記得曾經在哪裡看到過一種說法,人逢巨變,就會變得反常。嗯,李萌承認今天的自己確實反常,好像有一根一直綳得很緊的弦,突然間斷了。她做什麼都提不起精神來。可她究竟經歷了什麼巨變啊?把隱藏多年的心理癥結告訴給了小輝哥?多了個所謂的男朋友?可她的心結仍沒有打開,將來如果小輝哥想更進一步的話,她該怎麼辦?想到對方可能的親密行為,她就一哆嗦。不,她還是覺得排斥,感到不舒服。可從自己回來,見他的這幾次,好像多多少少他都有過靠近自己的時候,她仔細回想當時的感受,並沒有什麼異樣。這又是為什麼呢?對了,每次跟小輝哥單獨相處的時候,好像都會被他逼出真實的自己來。那個真實的自己,她見過,是一個非常憤怒、脆弱、懼怕、無助的小女孩兒。
她對親生父母懷有怒氣,對養母也有不滿,不過更多的是擔心再次遭到放棄,害怕再度受到傷害。雖然在年齡上和生理上她已經成人,有足夠的學歷和能力可以不再依靠任何人生存,但內心深處,她仍是那個被無情拋棄的嬰孩。她需要大量的愛和溫暖,需要有人用行動來證明:她是被無條件接納和愛護的,渴望有人會對她一生一世都不離不棄。她不喜歡這樣的自己,但事實的確如此,並不以她的意志為轉移。她裡面有著巨大的黑暗,生命中卻只有微弱的陽光,就是她的養父和導師。她承認自己有戀父情結,那並不是說她一定會愛上比她年齡大很多的男人,而是需要一個愛她如父的人。如今,她默許小輝哥的走近,恐怕也是因為他對她的愛,像父親一樣。但這對小輝哥又是否公平?她曾經試過像醫治林美麗那樣回到自己的童年,卻發現,效果甚微。是不是因為她已經知道了這種方法,所以這種醫治手段在她身上就失效了?那她應該怎麼做才能得以痊癒呢?是不是應該尋求專業心理醫生的幫助呢?
她想到心煩,忍不住躺倒在沙發上,大叫了一聲。門鈴急促地響起,李萌爬了起來,跑過去開門。楊輝站在門口一臉緊張。「你沒事兒吧?」
「我能有什麼事兒?」
「我聽到屋裡好像有喊聲。」
「哦,是我喊的,沒事兒。」
「真沒事兒?」
「真沒事兒。」
楊輝進了屋,李萌才注意到他手裡拎了很多的塑料袋,指著問他,「這些都是什麼?」
「昨天回家以後去了趟超市,買了點兒菜。」說完,楊輝就徑自進了廚房,開始把袋子里的東西一樣一樣地往外拿,一邊拿一邊整理歸置。
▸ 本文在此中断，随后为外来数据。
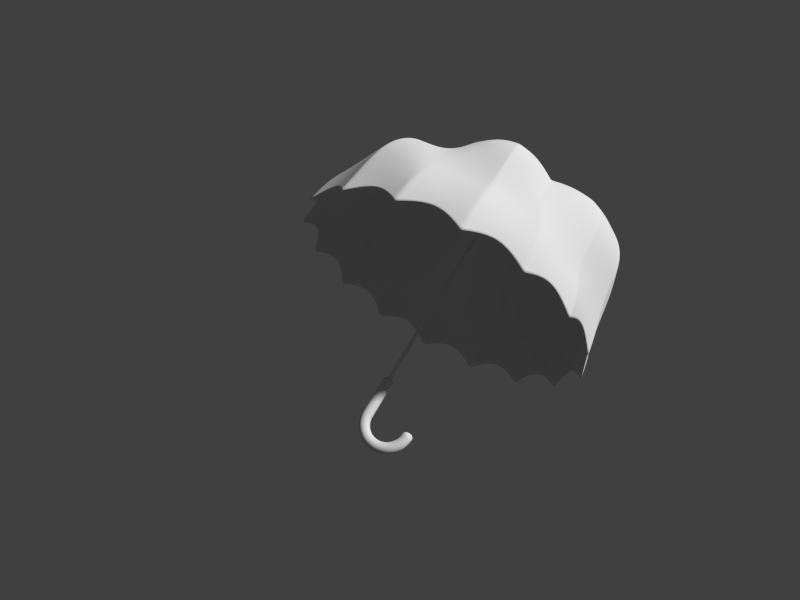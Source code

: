 # Source: ovirt2.blend  (saved by Blender 2.59.0; exported with 4.5.12 LTS)
import bpy
from mathutils import Matrix  # noqa: F401  (used for matrix-valued properties, if any)

bpy.ops.wm.read_factory_settings(use_empty=True)
scene = bpy.context.scene
scene.name = 'Scene'

# ---- collections
col_collection_1 = bpy.data.collections.new('Collection 1'); scene.collection.children.link(col_collection_1)

# ---- world
world_world = bpy.data.worlds.new('World'); scene.world = world_world
world_world.color = (0.05088, 0.05088, 0.05088)
world_world.use_sun_shadow = False
world_world.sun_shadow_jitter_overblur = 0.0
world_world.cycles.sampling_method = 'MANUAL'
world_world.cycles.sample_map_resolution = 256

# ---- cameras
cam_camera = bpy.data.cameras.new('Camera')
cam_camera.clip_end = 100.0
cam_camera.lens = 35.0
cam_camera.dof.focus_distance = 0.0
cam_camera.dof.aperture_fstop = 128.0

# ---- meshes
me_cylinder = bpy.data.meshes.new('Cylinder')
me_cylinder.from_pydata([(0.0, 1.0, -2.355), (0.1951, 0.9808, -2.355), (0.3827, 0.9239, -2.355), (0.5556, 0.8315, -2.355), (0.7071, 0.7071, -2.355), (0.8315, 0.5556, -2.355), (0.9239, 0.3827, -2.355), (0.9808, 0.1951, -2.355), (1.0, 7.55e-08, -2.355), (0.9808, -0.1951, -2.355), (0.9239, -0.3827, -2.355), (0.8315, -0.5556, -2.355), (0.7071, -0.7071, -2.355), (0.5556, -0.8315, -2.355), (0.3827, -0.9239, -2.355), (0.1951, -0.9808, -2.355), (-3.258e-07, -1.0, -2.355), (-0.1951, -0.9808, -2.355), (-0.3827, -0.9239, -2.355), (-0.5556, -0.8315, -2.355), (-0.7071, -0.7071, -2.355), (-0.8315, -0.5556, -2.355), (-0.9239, -0.3827, -2.355), (-0.9808, -0.1951, -2.355), (-1.0, 9.656e-07, -2.355), (-0.9808, 0.1951, -2.355), (-0.9239, 0.3827, -2.355), (-0.8315, 0.5556, -2.355), (-0.7071, 0.7071, -2.355), (-0.5556, 0.8315, -2.355), (-0.3827, 0.9239, -2.355), (-0.1951, 0.9808, -2.355), (1.605e-06, 1.0, 2.355), (0.1951, 0.9808, 2.355), (0.3827, 0.9239, 2.355), (0.5556, 0.8315, 2.355), (0.7071, 0.7071, 2.355), (0.8315, 0.5556, 2.355), (0.9239, 0.3827, 2.355), (0.9808, 0.1951, 2.355), (1.0, -2.245e-06, 2.355), (0.9808, -0.1951, 2.355), (0.9239, -0.3827, 2.355), (0.8315, -0.5556, 2.355), (0.7071, -0.7071, 2.355), (0.5556, -0.8315, 2.355), (0.3827, -0.9239, 2.355), (0.1951, -0.9808, 2.355), (9.298e-07, -1.0, 2.355), (-0.1951, -0.9808, 2.355), (-0.3827, -0.9239, 2.355), (-0.5556, -0.8315, 2.355), (-0.7071, -0.7071, 2.355), (-0.8315, -0.5556, 2.355), (-0.9239, -0.3827, 2.355), (-0.9808, -0.1951, 2.355), (-1.0, -4.105e-06, 2.355), (-0.9808, 0.1951, 2.355), (-0.9239, 0.3827, 2.355), (-0.8315, 0.5556, 2.355), (-0.7071, 0.7071, 2.355), (-0.5556, 0.8315, 2.355), (-0.3827, 0.9239, 2.355), (-0.1951, 0.9808, 2.355), (0.0, 0.0, -2.355), (0.0, 0.0, 2.355)], [], [(64, 0, 1), (65, 33, 32), (64, 1, 2), (65, 34, 33), (64, 2, 3), (65, 35, 34), (64, 3, 4), (65, 36, 35), (64, 4, 5), (65, 37, 36), (64, 5, 6), (65, 38, 37), (64, 6, 7), (65, 39, 38), (64, 7, 8), (65, 40, 39), (64, 8, 9), (65, 41, 40), (64, 9, 10), (65, 42, 41), (64, 10, 11), (65, 43, 42), (64, 11, 12), (65, 44, 43), (64, 12, 13), (65, 45, 44), (64, 13, 14), (65, 46, 45), (64, 14, 15), (65, 47, 46), (64, 15, 16), (65, 48, 47), (64, 16, 17), (65, 49, 48), (64, 17, 18), (65, 50, 49), (64, 18, 19), (65, 51, 50), (64, 19, 20), (65, 52, 51), (64, 20, 21), (65, 53, 52), (64, 21, 22), (65, 54, 53), (64, 22, 23), (65, 55, 54), (64, 23, 24), (65, 56, 55), (64, 24, 25), (65, 57, 56), (64, 25, 26), (65, 58, 57), (64, 26, 27), (65, 59, 58), (64, 27, 28), (65, 60, 59), (64, 28, 29), (65, 61, 60), (64, 29, 30), (65, 62, 61), (64, 30, 31), (65, 63, 62), (31, 0, 64), (65, 32, 63), (0, 32, 33, 1), (1, 33, 34, 2), (2, 34, 35, 3), (3, 35, 36, 4), (4, 36, 37, 5), (5, 37, 38, 6), (6, 38, 39, 7), (7, 39, 40, 8), (8, 40, 41, 9), (9, 41, 42, 10), (10, 42, 43, 11), (11, 43, 44, 12), (12, 44, 45, 13), (13, 45, 46, 14), (14, 46, 47, 15), (15, 47, 48, 16), (16, 48, 49, 17), (17, 49, 50, 18), (18, 50, 51, 19), (19, 51, 52, 20), (20, 52, 53, 21), (21, 53, 54, 22), (22, 54, 55, 23), (23, 55, 56, 24), (24, 56, 57, 25), (25, 57, 58, 26), (26, 58, 59, 27), (27, 59, 60, 28), (28, 60, 61, 29), (29, 61, 62, 30), (30, 62, 63, 31), (32, 0, 31, 63)])
me_cylinder.polygons.foreach_set('use_smooth', [True] * 96)
me_cylinder.use_remesh_preserve_volume = False
me_cylinder.use_remesh_preserve_attributes = False
me_cylinder.use_mirror_vertex_groups = False
me_cylinder.update()
me_torus = bpy.data.meshes.new('Torus')
me_torus.from_pydata([(5.96e-08, 1.25, 0.0), (1.192e-07, 1.217, 0.125), (1.192e-07, 1.125, 0.2165), (8.941e-08, 1.0, 0.25), (8.941e-08, 0.875, 0.2165), (5.96e-08, 0.7835, 0.125), (8.941e-08, 0.75, 3.062e-17), (5.96e-08, 0.7835, -0.125), (8.941e-08, 0.875, -0.2165), (8.941e-08, 1.0, -0.25), (1.192e-07, 1.125, -0.2165), (1.192e-07, 1.217, -0.125), (-0.1632, 1.239, 0.0), (-0.1588, 1.206, 0.125), (-0.1468, 1.115, 0.2165), (-0.1305, 0.9914, 0.25), (-0.1142, 0.8675, 0.2165), (-0.1023, 0.7768, 0.125), (-0.09789, 0.7436, 3.062e-17), (-0.1023, 0.7768, -0.125), (-0.1142, 0.8675, -0.2165), (-0.1305, 0.9914, -0.25), (-0.1468, 1.115, -0.2165), (-0.1588, 1.206, -0.125), (-0.3235, 1.207, 0.0), (-0.3149, 1.175, 0.125), (-0.2912, 1.087, 0.2165), (-0.2588, 0.9659, 0.25), (-0.2265, 0.8452, 0.2165), (-0.2028, 0.7568, 0.125), (-0.1941, 0.7244, 3.062e-17), (-0.2028, 0.7568, -0.125), (-0.2265, 0.8452, -0.2165), (-0.2588, 0.9659, -0.25), (-0.2912, 1.087, -0.2165), (-0.3149, 1.175, -0.125), (-0.4784, 1.155, 0.0), (-0.4655, 1.124, 0.125), (-0.4305, 1.039, 0.2165), (-0.3827, 0.9239, 0.25), (-0.3348, 0.8084, 0.2165), (-0.2998, 0.7239, 0.125), (-0.287, 0.6929, 3.062e-17), (-0.2998, 0.7239, -0.125), (-0.3348, 0.8084, -0.2165), (-0.3827, 0.9239, -0.25), (-0.4305, 1.039, -0.2165), (-0.4655, 1.124, -0.125), (-0.625, 1.083, 0.0), (-0.6083, 1.054, 0.125), (-0.5625, 0.9743, 0.2165), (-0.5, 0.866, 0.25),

菜被放進了洗菜盆,又泡上了水待洗;水果進了水果盆;牛排被放到冰箱的冷藏格里……李萌能做的就只剩下在一旁挽著手看著了。
「小輝哥,你著是反客為主啊!」
「誰讓你不會照顧自己的。」楊輝頭也沒抬地反駁道,噎了李萌一下。
「中餐太費事了。簡單點兒,能吃飽就行。」
「簡單也可以吃的好。一會兒沒事咱倆去一趟附近的超市,再買一些質量好的速凍食品,像凍餃子、凍餛飩和粗糧挂面什麼的,你餓的時候,只要簡單煮一下就能吃。」
「你平常也是這樣打理自己飲食的嗎?」李萌好奇。
「我一般都是周末寫好下周的菜單,然後一次性購齊原材料,處理好再冷凍的冷凍,冷藏的冷藏,做的時候就能很快。」
「哇塞,你比我要還西化啊!美國人常這麼干!不過他們有半成品賣,只要在烤箱里烤一會兒或者用微波爐一打就能吃了。」
「那你怎麼沒學會?」
「嘿嘿,對吃飯的事我一直都很懶,你不知道嗎?」
兩個人幾乎同時想起當年因為吃飯的事情,吵的那些架來。李萌覺得當年自己太不懂事了,即使不接受,也可以更婉轉地拒絕,就有點兒訕訕的。楊輝卻不希望她在他面前露出這樣的神情,就故作生氣的瞪了她一眼,開口趕她,
「行了,你該幹嘛幹嘛去,別在這兒杵著了,我這兒一會兒就好了。」
「嗯,那我去書房裡寫東西了啊?」
「去吧。」
李萌出了廚房,直接進了書房。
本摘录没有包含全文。